I watch these developments with particular care in Ohio, a state with as violent an anti-charter backlash as anywhere in the land - and where urban education is as much in need of reforming as anywhere in the land. The Buckeye State has seen its full measure of negative reactions by school system leaders to connections #1 and #2, even though they may be doing great good for children. What we have not yet seen much of in Ohio is connection #3, the deliberate use of the charter opportunity by school systems themselves as a way to create alternatives, innovate and pioneer.
Some occurred in Cincinnati, where former Superintendent Steve Adamowski spearheaded the creation of several charters within the system. There is a lone example in Dayton, the promising "World of Wonder" conversion charter school. But not much else. Mention charter schools to most Ohio superintendents and school board members and they see red.
Look further afield, however, and we can see urban districts exploiting the charter opportunity. Houston (which just won the first Broad Foundation prize for progress in urban education) has developed dozens of charters within the system and proudly describes this arrangement as follows: "In keeping with its commitment to offering the young people of Houston the best possible education, HISD initiated a system of highly successful charter schools. They range from full-fledged, separate campuses to specialized 'school-within-a-school' programs. Each targets particular learning needs and offers unique instructional opportunities, including dual-language primary learning and multicultural studies. HISD charter schools offer students new approaches to education, yet they benefit from the considerable support services that HISD can supply (online at http://dept.houstonisd.org/charterschools)."
Chicago's public schools have cooperated in creating the maximum number of charters permitted under Illinois law. Tampa and Miami are making imaginative use of the charter option as part of their overall education plans and view charters as legitimate alternatives for families. (See, for example, http://choice.dadeschools.net/Charter/index.html.)
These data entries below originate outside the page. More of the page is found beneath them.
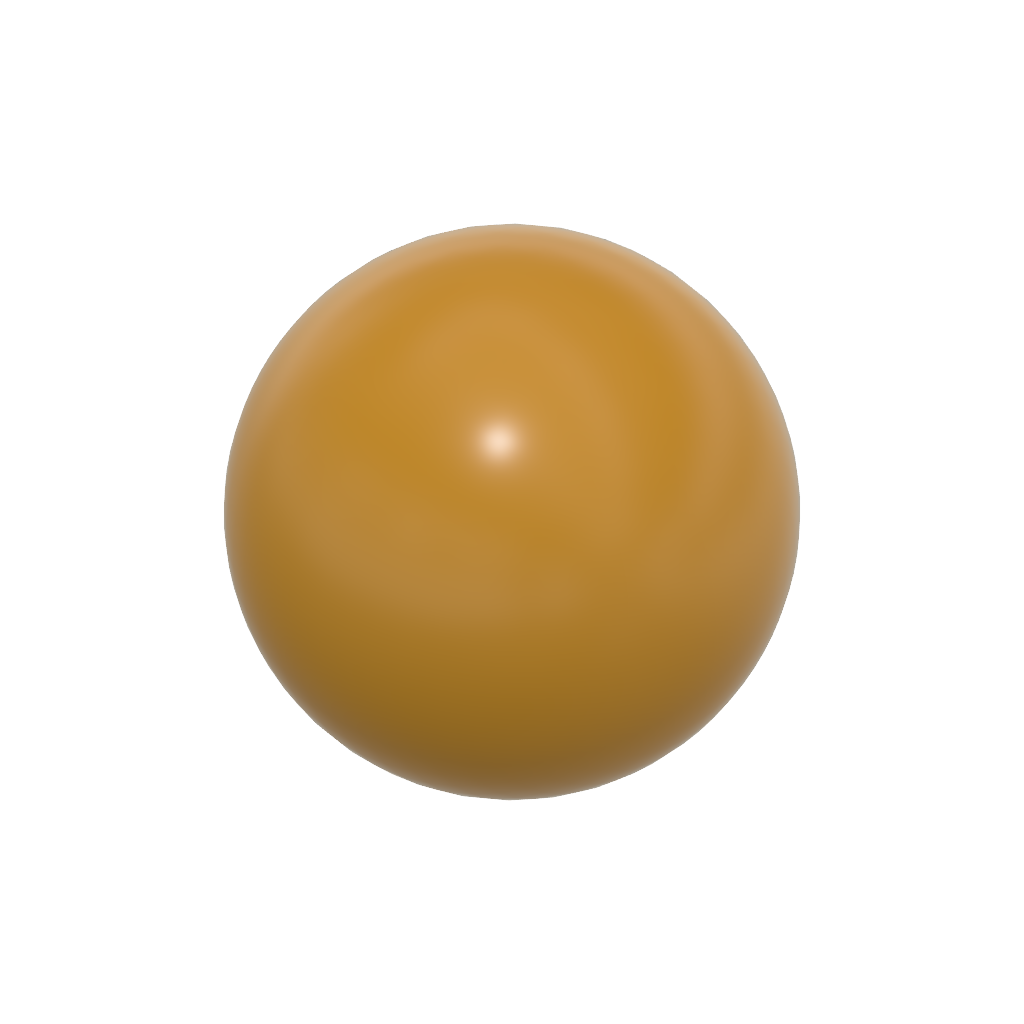
Assembly (Autodesk Fusion 360 archive; units mm, degrees)
design "Ping Pong Ball"
part number: 2026-09-19-06-45-59-670
Autodesk Fusion 360 part; units mm, degrees
sketch "草图1" plane through (0, 0, 0) normal (1, 0, 0) x (0, 0, -1)
  line L0 (0, 20) -> (0, -20)
  arc A0 (0, -20) -> (0, 20) centre (0, 0) ccw
  dimension "d1" = 40
  constraint coincident A0.centre origin
  constraint perpendicular L0 A0
  measures "d1" diameter of A0
revolve "旋转1" add sketch "草图1" angle 360 about axis through (0, 20, 0) along (0, -1, 0)

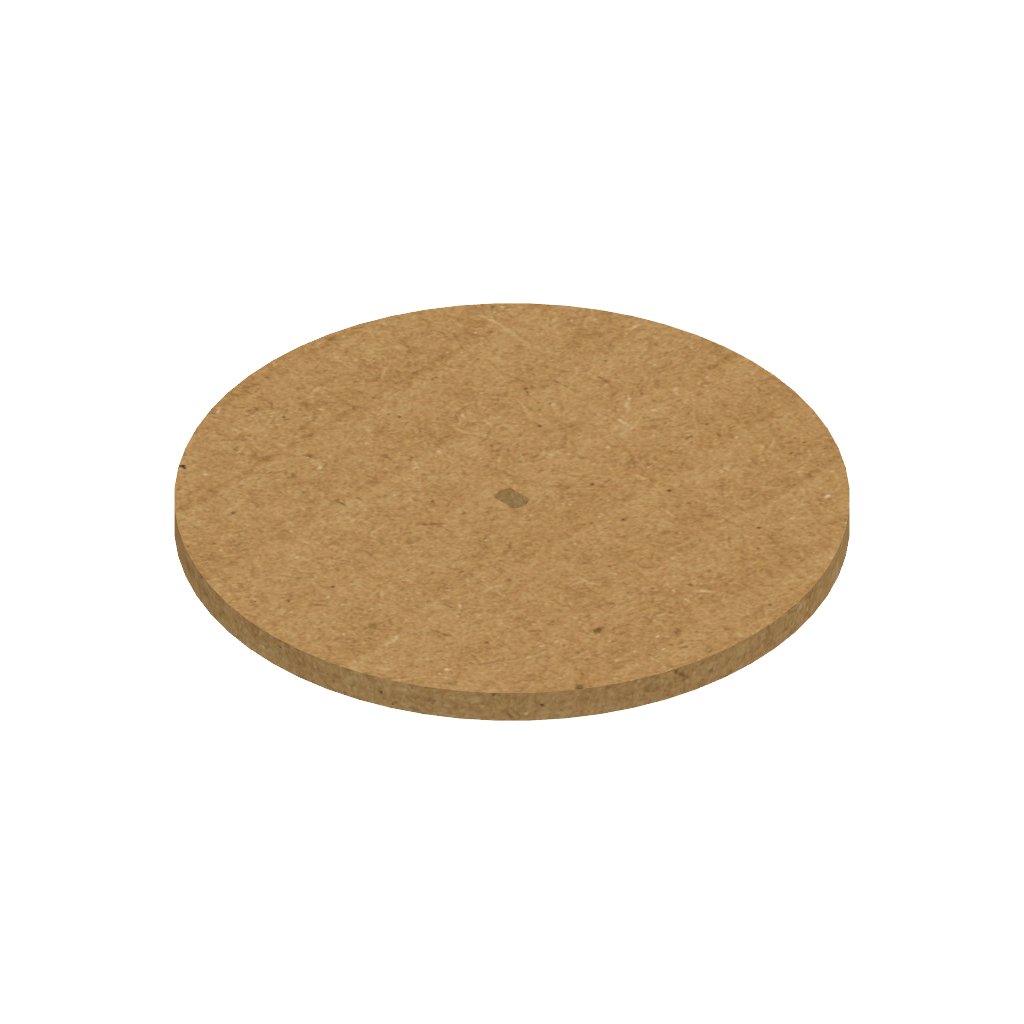
design "Wheel_Cardboard"
part number: 2026-09-13-15-54-39-703
Autodesk Fusion 360 part; units mm, degrees
sketch "Sketch1" plane through (0, 0, 0) normal (0, 1, 0) x (1, 0, 0)
  circle A0 centre (0, 0) radius 50
  line L0 (-1.972, 1.725) -> (1.972, 1.725)
  line L1 (-1.972, -1.725) -> (1.972, -1.725)
  line L2 (-50, 0) -> (50, 0) construction
  arc A1 (-1.972, 1.725) -> (-1.972, -1.725) centre (0, 0) ccw
  arc A2 (1.972, -1.725) -> (1.972, 1.725) centre (0, 0) ccw
  dimension "d1" = 2.62
  dimension "d2" = 3.45
  dimension "d3" = 100
  constraint coincident A0.centre A1.centre
  constraint concentric A0 A1
  constraint horizontal L0
  constraint parallel L0 L1
  constraint coincident A0 L2.start
  constraint coincident A0 L2.end
  constraint perpendicular A0 L2
  constraint concentric A1 A2
  constraint symmetric L0 L1 L2
  constraint equal A1 A2
  measures "d1" radius of A2
  measures "d2" distance of L0 L1
  measures "d3" diameter of A0
extrude "拉伸1" add sketch "Sketch1" along normal blind 5

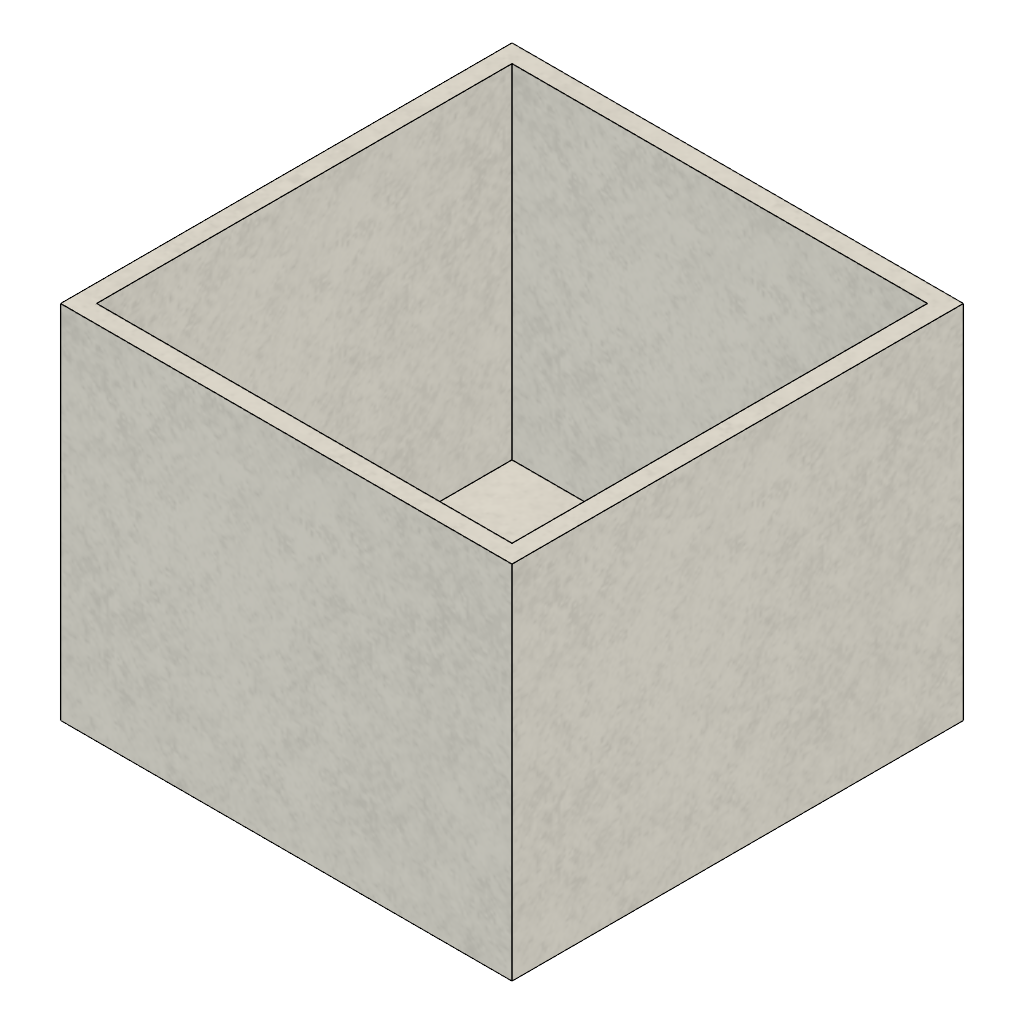
design "Ball Basket"
part number: 2026-09-14-14-18-43-372
Autodesk Fusion 360 part; units mm, degrees
sketch "草图1" plane through (0, 0, 0) normal (0, 1, 0) x (1, 0, 0)
  line L0 (0, 0) -> (50, 0)
  line L1 (50, 0) -> (50, -50)
  line L2 (50, -50) -> (0, -50)
  line L3 (0, -50) -> (0, 0)
  line L4 (2, -48) -> (2, -2)
  line L5 (2, -2) -> (48, -2)
  line L6 (48, -2) -> (48, -48)
  line L7 (48, -48) -> (2, -48)
  dimension "d2" = 50
  dimension "d3" = 2
  constraint horizontal L0
  constraint vertical L1
  constraint horizontal L2
  constraint vertical L3
  constraint coincident L0.start L3.end
  constraint equal L0 L3
  measures "d2" distance of L0.start L2.end
extrude "拉伸1" add sketch "草图1" along normal blind 2 contours L4 L5 L6 L7 makes body 1
extrude "拉伸3" add sketch "草图1" along normal blind 40 separate body makes body 2

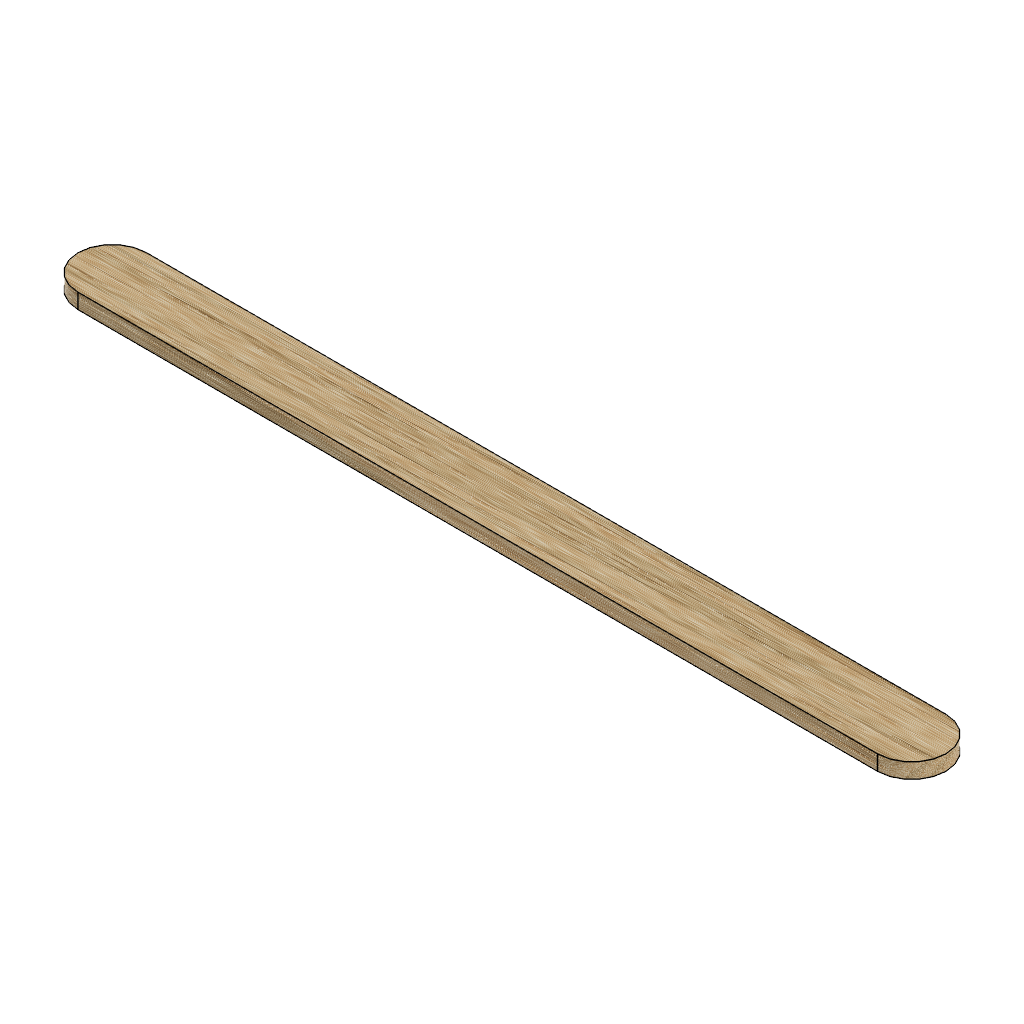
design "Stick"
Autodesk Fusion 360 part; units mm, degrees
sketch "Sketch1" plane through (0, 0, 0) normal (0, 0, 1) x (1, 0, 0)
  line L0 (52.5, -4.5) -> (-52.5, -4.5)
  line L1 (-52.5, 4.5) -> (52.5, 4.5)
  line L2 (52.5, -4.5) -> (-52.5, 4.5) construction
  line L3 (-52.5, -4.5) -> (52.5, 4.5) construction
  arc A0 (-52.5, 4.5) -> (-52.5, -4.5) centre (-52.5, 0) ccw
  arc A1 (52.5, -4.5) -> (51.7342, 4.4344) centre (52.5, 0) ccw
  dimension "d9" = 105
  dimension "d10" = 9
  constraint horizontal L0
  constraint parallel L0 L1
  constraint coincident L2 origin
  constraint coincident L3 origin
  constraint coincident L1.end A1
  constraint coincident L1.start A0
  constraint coincident L3 L0.end
  constraint coincident L2 L1.start
  constraint coincident L3 A1.end
  constraint coincident L2 L0.start
  constraint tangent L1 A1
  constraint tangent L0 A1
  constraint tangent L0 A0
  constraint tangent L1 A0
  constraint coincident L0.start L2.start
  constraint coincident L0.end L3.start
  measures "d9" distance of L1.start L1.end
  measures "d10" distance of L0.end L1.start
extrude "Extrude1" add sketch "Sketch1" along normal blind 2

Boston has developed its own charter-like "pilot schools" and Superintendent Tom Payzant has told his team that charters are there to stay and they'd best learn to compete successfully with them. A dozen imaginative charter schools have been started in Oakland as part of a purposeful education reform strategy spearheaded by Mayor (and former California governor) Jerry Brown. San Diego superintendent Alan Bersin has made charters a purposeful part of his own education reform efforts, including a semi-charter conversion high school designed to function under the district umbrella. Colorado Springs has similarly figured out how to use its state's charter law to advance some of the system's own education reform ideas. (You can access the charter school websites through the school system's site. Go to http://www.cssd11.k12.co.us/schools/community_prep.htm, for example, and see a photo of Colorado Springs superintendent Norman Ridder speaking at the graduation of Community Prep Charter School.)
In sum, there is no necessary conflict between charter schools and urban school reform. To the contrary, they can be complementary. A number of American cities are proving it. What is needed to make it work that way is the will, the vision and the leadership. What's needed, above all, is a focus on the interests of children rather than adults.